Here is the simplest way to trigger one:
#include
using namespace std;
int main() {
int* ptr = nullptr;
*ptr = 42; // BOOM
return 0;
}
We told the compiler that ptr is a pointer to an integer, but we never gave it a real address. When we try to write 42 to “wherever ptr points to,” we are writing to address zero, which belongs to the OS.
Why segfaults are sneaky
There is no compiler warning. No syntax issue. The crash happens silently at runtime, and the default error message tells you almost nothing about which line broke.

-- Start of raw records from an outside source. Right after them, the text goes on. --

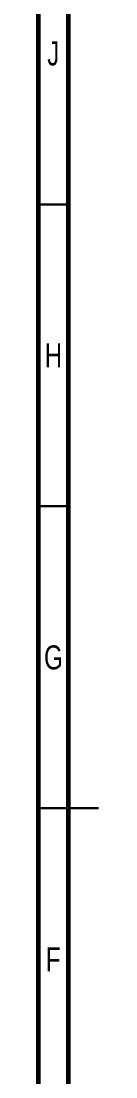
# Model space of a CAD drawing. Header units: millimetres. Extents: x 15 to 836, y 5 to 589.
# Drawn here: x 15 to 25, y 252.5 to 427.3 of the extents above; entities that cross this region are included whole.
import ezdxf

# ---------------------------------------------------------------- set-up
doc = ezdxf.new("R2010")
doc.units = ezdxf.units.MM
doc.styles.add('SLDTEXTSTYLE0', font='TXT', dxfattribs={"width": 0.75})

msp = doc.modelspace()

# ---------------------------------------------------------------- linework, layer by layer
at = {"color": 7, "linetype": 'Continuous', "lineweight": 60}
for p, q in [((15, 5), (15, 589)), ((20, 10), (20, 584))]:
    msp.add_line(p, q, dxfattribs=at)
at = {"color": 7, "linetype": 'Continuous', "lineweight": 30}
for p, q in [((20, 397), (15, 397)), ((20, 347), (15, 347)), ((15, 297), (25, 297)), ((20, 297), (15, 297))]:
    msp.add_line(p, q, dxfattribs=at)

# ---------------------------------------------------------------- texts
at = {"color": 7, "linetype": 'Continuous', "lineweight": 0, "char_height": 3.97, "attachment_point": 2, "style": 'SLDTEXTSTYLE0'}
for s, insert in [('J', (17.47, 423.97)), ('H', (17.49, 373.97)), ('G', (17.49, 323.97)), ('F', (17.46, 273.97))]:
    msp.add_mtext(s, dxfattribs=dict(at, insert=insert))

doc.saveas('drawing.dxf')
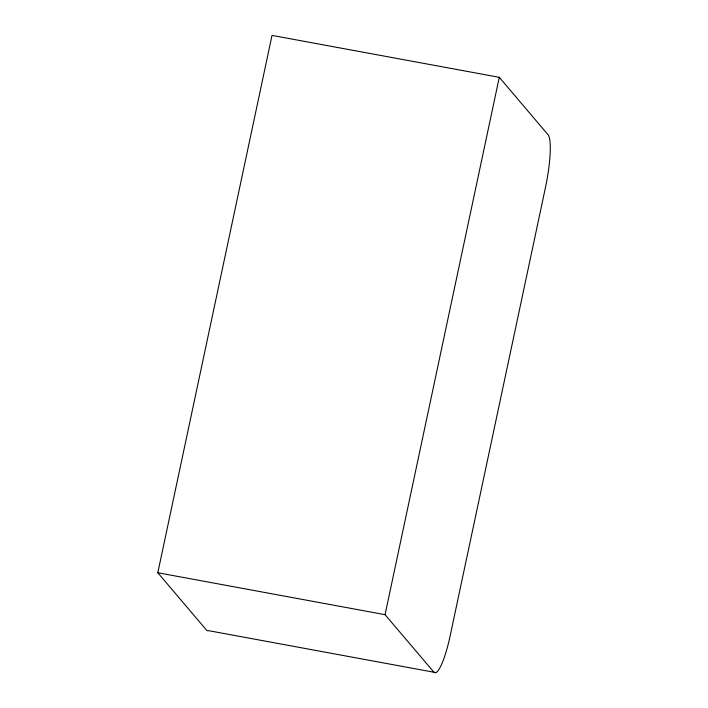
<?xml version="1.0" encoding="UTF-8"?>
<svg xmlns="http://www.w3.org/2000/svg" width="708" height="708" viewBox="0 0 708 708"><rect width="100%" height="100%" fill="white"/><g stroke="black" fill="none" stroke-linecap="round" stroke-linejoin="round"><path stroke-width="1.06" d="M157.804 572.745L272.014 35.4L499.282 77.322L547.992 134.662A46.268 8.425 -79.5 0 1 545.434 187.629L450.253 635.421A46.268 8.425 -79.5 0 1 433.774 672.007L385.064 614.677L157.804 572.745L206.515 630.085A46.268 8.425 -79.5 0 0 208.648 630.678L435.907 672.6M385.064 614.677L499.282 77.322"/></g></svg>

Segfaults usually trace back to one of these five sources:
- Null pointer dereference. The pointer is
nullptrand you read or write through it. - Uninitialized pointer. The pointer was declared but never assigned, so it points to random memory.
- Array out of bounds. You accessed
arr[10]on an array of size 5. - Use after free. You called
deleteon a pointer, then used it again. - Stack overflow. Infinite recursion fills the stack and everything spills.
How to actually find the crash line
Add the debug flag at compile time:
g++ -g program.cpp -o program
gdb ./program
(gdb) run
(gdb) bt
The -g flag bakes debug info into the executable. When the segfault hits inside GDB, the bt (backtrace) command shows the exact line in your source code. This single trick will save you more hours than any other debugging tip in this guide.
The repair toolbox
For null and uninitialized pointers, initialize at declaration:
int* ptr = nullptr;
// later...
if (ptr != nullptr) {
*ptr = 42;
}
For arrays, never trust the index. Validate before access:
int arr[5];
int index = userInput; // who knows what this is
if (index >= 0 && index < 5) {
arr[index] = 10;
}
For dynamic memory, kill the pointer right after delete:
int* ptr = new int(10);
delete ptr;
ptr = nullptr; // now it cannot bite you
The big mindset shift is to treat every pointer as guilty until proven safe. A pointer should always be in one of three states: pointing to valid memory, set to nullptr, or being assigned in the very next line. Anything else is a future segfault waiting to happen.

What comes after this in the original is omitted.